Michael Schreuder on Wed, 13 Dec 2017 10:41:14
We have a dimension table which has over 300 million rows of data. We use this table in SQL queries, but not in any SSAS models.
We would like to extend this with some summary stats and dates around the customers activity. I did originally design this as a narrow table with a column identifying what the date or stat was, but found that this table was unusable by the analysts
as it made the code very complicated to get multiple stats out, and required extensive pivoting to make it usable, which made it very slow.
So we are now changing this to a wide table which will have the same primary key as dimension with all the stats as columns.
The question here is why create a 2nd table, why not just add these as columns to the main dimension. This would reduce data duplication (some columns from the dim would be stored in both tables), or if you don't store that data, you would always have to join creating more complex query plans.
I have this urge to create it as a 2nd table, but I can't think of a good technical reason either way. Has anyone got any thoughts on this?
DIEGOCTN on Wed, 13 Dec 2017 10:50:33
Dimension table with over 300 million rows? Dimension table...? No Fact table?
Michael Schreuder on Wed, 13 Dec 2017 14:07:59
Yes, fact table is now approaching 3.5 billion rows
Thomas L. LeBlanc (MVP) on Thu, 14 Dec 2017 16:30:38
When a dimension or fact table becomes large, it is difficult to manage new columns.
Usually, the request is for a different reporting "Data Mart". New fact tables to represent the new requirements is not a bad thing.

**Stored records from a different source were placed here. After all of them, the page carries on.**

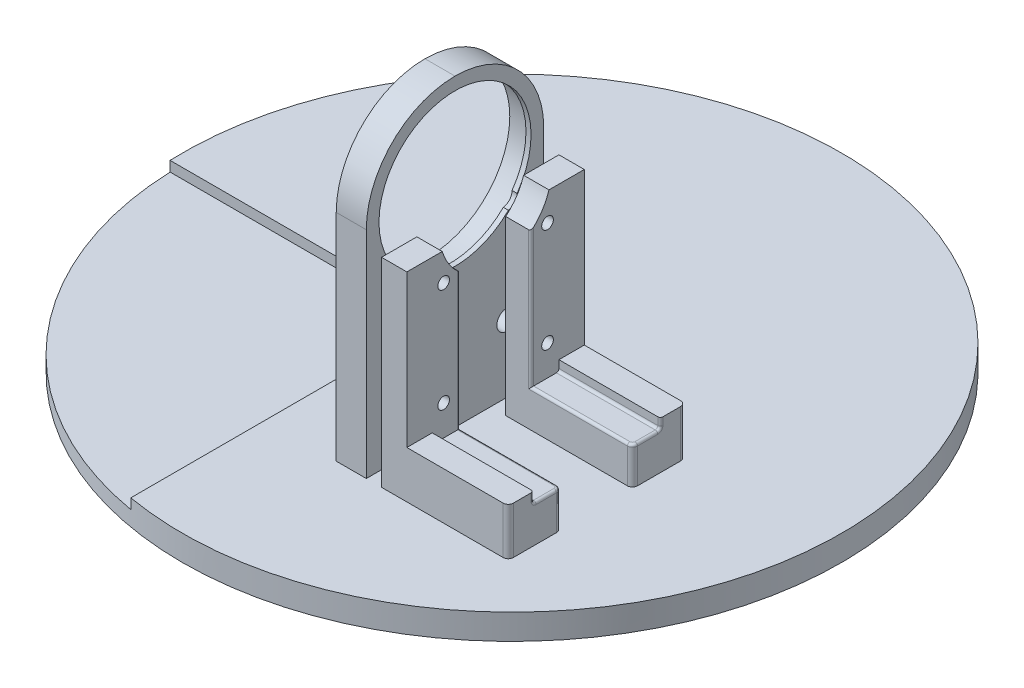
from build123d import *

# Parameters (mm, degrees)
SKETCH_1_R           = 65
EXTRUDE_1_DEPTH      = 5
SKETCH_2_W           = 6
SKETCH_2_H           = 35
EXTRUDE_2_DEPTH      = 60
FILLET_1_R           = 17.5
SKETCH_3_R           = 16
CUT_EXTRUDE_1_DEPTH  = 5
CHAMFER_1_SIZE       = 1.640243073
CHAMFER_1_SIZE_2     = 0.8
SKETCH_4_R           = 15
CUT_EXTRUDE_2_DEPTH  = 118.234882236
SKETCH_6_W           = 2
SKETCH_6_H           = 6
CUT_EXTRUDE_3_DEPTH  = 118.858124934
SKETCH_8_R           = 1.6
CUT_EXTRUDE_5_DEPTH  = 6
CUT_EXTRUDE_START    = -2
CUT_EXTRUDE_8_DEPTH  = 2.2
SKETCH_11_W          = 25
SKETCH_11_H          = 10.5
EXTRUDE_4_DEPTH      = 7.3
EXTRUDE_5_DEPTH      = 2
FILLET_3_R           = 1
EXTRUDE_6_DEPTH      = 5
SKETCH_14_R          = 1.15
CUT_EXTRUDE_10_DEPTH = 124.023158848
FILLET_2_R           = 0.5
SKETCH_15_R          = 2
CUT_EXTRUDE_11_DEPTH = 10
SKETCH_16_W          = 53.828401117
SKETCH_16_H          = 62.5
CUT_EXTRUDE_12_DEPTH = 2


# Some blends are built 0.0001 mm under size
with BuildPart() as part:
    # 스케치1 → 보스-돌출1 (new body)
    with BuildSketch(Plane(origin=(0, 0, 0), x_dir=(1, 0, 0), z_dir=(0, 1, 0))):
        with Locations(Location((0, 0, 0), (0, 0, 270))):
            Circle(SKETCH_1_R)
    extrude(amount=EXTRUDE_1_DEPTH)

    # 스케치2 → 보스-돌출2 (add)
    with BuildSketch(Plane(origin=(0, 5, 0), x_dir=(1, 0, 0), z_dir=(0, 1, 0))):
        with Locations((5.76, -20)):
            Rectangle(SKETCH_2_W, SKETCH_2_H)
    extrude(amount=EXTRUDE_2_DEPTH)

    # 필렛1
    fillet_1_edges = [part.edges().sort_by_distance(p)[0] for p in [
        (5.76, 65, 2.5),
        (5.76, 65, 37.5),
    ]]
    fillet(fillet_1_edges, radius=FILLET_1_R - 0.0001)  # a hair under: the kernel refuses the full size

    # 스케치3 → 컷-돌출1 (cut)
    with BuildSketch(Plane.ZY.offset(-2.76)):
        with Locations((20, 47.5)):
            Circle(SKETCH_3_R)
    extrude(amount=-CUT_EXTRUDE_1_DEPTH, mode=Mode.SUBTRACT)

    # 모따기1
    # the kernel refuses this chamfer: 1.640243073, 0.8 mm, written as the material it takes off along each edge
    with BuildSketch(Plane(origin=(2.76, 47.5, 20), x_dir=(0, 0, 1), z_dir=(0, -1, 0))) as chamfer_1_piece_1:
        Polygon((16 + CHAMFER_1_SIZE, 0), (16, -CHAMFER_1_SIZE_2), (16, 0), align=None)
    revolve(axis=Axis((2.76, 47.5, 20), (-1, 0, 0)), mode=Mode.SUBTRACT)

    # 스케치4 → 컷-돌출2 (cut, through all)
    with BuildSketch(Plane.ZY.offset(-7.76)):
        with Locations((20, 47.5)):
            Circle(SKETCH_4_R)
    extrude(amount=-CUT_EXTRUDE_2_DEPTH, mode=Mode.SUBTRACT)

    # 스케치6 → 컷-돌출3 (cut, through all)
    with BuildSketch(Plane(origin=(8.76, 0, 0), x_dir=(0, 0, -1), z_dir=(1, 0, 0))):
        with Locations((-3.5, 24.5)):
            Rectangle(SKETCH_6_W, SKETCH_6_H)
    extrude(amount=-CUT_EXTRUDE_3_DEPTH, mode=Mode.SUBTRACT)

    # 스케치8 → 컷-돌출5 (cut)
    with BuildSketch(Plane(origin=(0, 0, 4.5), x_dir=(-1, 0, 0), z_dir=(0, 0, -1))):
        with Locations((-5.76, 24.5)):
            Circle(SKETCH_8_R)
    extrude(amount=-CUT_EXTRUDE_5_DEPTH, mode=Mode.SUBTRACT)

    # 스케치9 → 컷-돌출8 (cut)
    with BuildSketch(Plane(origin=(0, 0, 4.5), x_dir=(-1, 0, 0), z_dir=(0, 0, -1)).offset(CUT_EXTRUDE_START)):
        Polygon((-4.316624327, 27), (-7.203375673, 27), (-8.646751346, 24.5), (-7.203375673, 22), (-4.316624327, 22), (-2.76, 22), (-2.76, 27), align=None)
    extrude(amount=-CUT_EXTRUDE_8_DEPTH, mode=Mode.SUBTRACT)

    # 스케치11 → 보스-돌출4 (add)
    with BuildSketch(Plane(origin=(0, 5, 0), x_dir=(1, 0, 0), z_dir=(0, 1, 0))):
        with Locations((24.26, -7.75)):
            Rectangle(SKETCH_11_W, SKETCH_11_H)
        with Locations((24.26, -32.25)):
            Rectangle(SKETCH_11_W, SKETCH_11_H)
    extrude(amount=EXTRUDE_4_DEPTH)

    # 스케치12 → 보스-돌출5 (add)
    with BuildSketch(Plane(origin=(0, 12.3, 0), x_dir=(1, 0, 0), z_dir=(0, 1, 0))):
        Polygon((16.76, -32.5), (36.76, -32.5), (36.76, -37.5), (11.76, -37.5), (11.76, -27), (16.76, -27), align=None)
        Polygon((11.76, -2.5), (36.76, -2.5), (36.76, -7.5), (16.76, -7.5), (16.76, -13), (11.76, -13), align=None)
    extrude(amount=EXTRUDE_5_DEPTH)

    # 필렛3
    fillet_3_edges = [part.edges().sort_by_distance(p)[0] for p in [
        (36.76, 9.65, 2.5),
        (36.76, 9.65, 37.5),
        (36.76, 8.65, 27),
        (36.76, 8.65, 13),
    ]]
    fillet(fillet_3_edges, radius=FILLET_3_R)

    # 스케치13 → 보스-돌출6 (add)
    with BuildSketch(Plane(origin=(16.76, 0, 0), x_dir=(0, 0, -1), z_dir=(1, 0, 0))):
        with BuildLine():
            Line((-27, 14.3), (-37.5, 14.3))
            Line((-37.5, 14.3), (-37.5, 44.3))
            Line((-37.5, 44.3), (-30.524257694, 44.3))
            ThreePointArc((-30.524257694, 44.3), (-29.151964364, 41.397414624), (-27, 39.014718626))
            Line((-27, 39.014718626), (-27, 14.3))
        make_face()
        with BuildLine():
            Line((-13, 14.3), (-2.5, 14.3))
            Line((-2.5, 14.3), (-2.5, 44.3))
            Line((-2.5, 44.3), (-9.475742306, 44.3))
            ThreePointArc((-9.475742306, 44.3), (-10.848035636, 41.397414624), (-13, 39.014718626))
            Line((-13, 39.014718626), (-13, 14.3))
        make_face()
    extrude(amount=-EXTRUDE_6_DEPTH)

    # 스케치14 → 컷-돌출10 (cut, through all)
    with BuildSketch(Plane(origin=(16.76, 0, 0), x_dir=(0, 0, -1), z_dir=(1, 0, 0))):
        with Locations((-30.25, 18.3)):
            Circle(SKETCH_14_R)
        with Locations((-9.75, 18.3)):
            Circle(SKETCH_14_R)
        with Locations((-9.75, 38.8)):
            Circle(SKETCH_14_R)
        with Locations((-30.25, 38.8)):
            Circle(SKETCH_14_R)
    extrude(amount=-CUT_EXTRUDE_10_DEPTH, mode=Mode.SUBTRACT)

    # 필렛2
    fillet_2_edges = [part.edges().sort_by_distance(p)[0] for p in [
        (26.26, 12.3, 13),
        (16.76, 25.657359313, 13),
        (26.76, 12.3, 7.5),
        (36.76, 13.3, 7.5),
        (36.76, 12.3, 30.25),
        (16.76, 25.657359313, 27),
        (26.76, 12.3, 32.5),
        (36.76, 13.3, 32.5),
        (26.26, 12.3, 27),
        (36.467106781, 12.3, 27.292893219),
        (36.76, 12.3, 9.75),
        (36.467106781, 12.3, 12.707106781),
    ]]
    fillet(fillet_2_edges, radius=FILLET_2_R)

    # 스케치15 → 컷-돌출11 (cut)
    with BuildSketch(Plane.ZY.offset(-2.76)):
        with Locations((9.75, 38.8)):
            Circle(SKETCH_15_R)
        with Locations((30.25, 38.8)):
            Circle(SKETCH_15_R)
        with Locations((9.75, 18.3)):
            Circle(SKETCH_15_R)
        with Locations((30.25, 18.3)):
            Circle(SKETCH_15_R)
    extrude(amount=-CUT_EXTRUDE_11_DEPTH, mode=Mode.SUBTRACT)

    # 스케치16 → 컷-돌출12 (cut)
    with BuildSketch(Plane(origin=(0, 5, 0), x_dir=(1, 0, 0), z_dir=(0, 1, 0))):
        with Locations((-38.085799442, -33.75)):
            Rectangle(SKETCH_16_W, SKETCH_16_H)
    extrude(amount=-CUT_EXTRUDE_12_DEPTH, mode=Mode.SUBTRACT)


solid = part.part

In Dimensional Modeling, sometimes you have to leave the "normalized" structure of table behind and build based on the requirements and repeat some data.
Tom Phillips on Thu, 14 Dec 2017 17:32:38
There is no "right" answer to your question. It is really a question of preference.
It could take a long time to add new columns to a table that large. So you might want to simply create a new table with the new fields.
However, the real question is does the new table serve any purpose by itself. If the new table does not serve any purpose by itself and you always need join the original table with the new table, then I would advocate to simply add the columns.
Michael Schreuder on Mon, 18 Dec 2017 11:13:32
Thanks for the replies, that was kind of my thoughts too.
The problem here is that even if we have a separate table it will be just as much of an issue to add new columns and populate them with data.
I still just can't decide as with clustered columnstore indexes the space requirements are much lower for the columns that would be duplicated as there not many unique values (compared to num rows), but then why even have the first dimension table at all as most queries could just use this new table.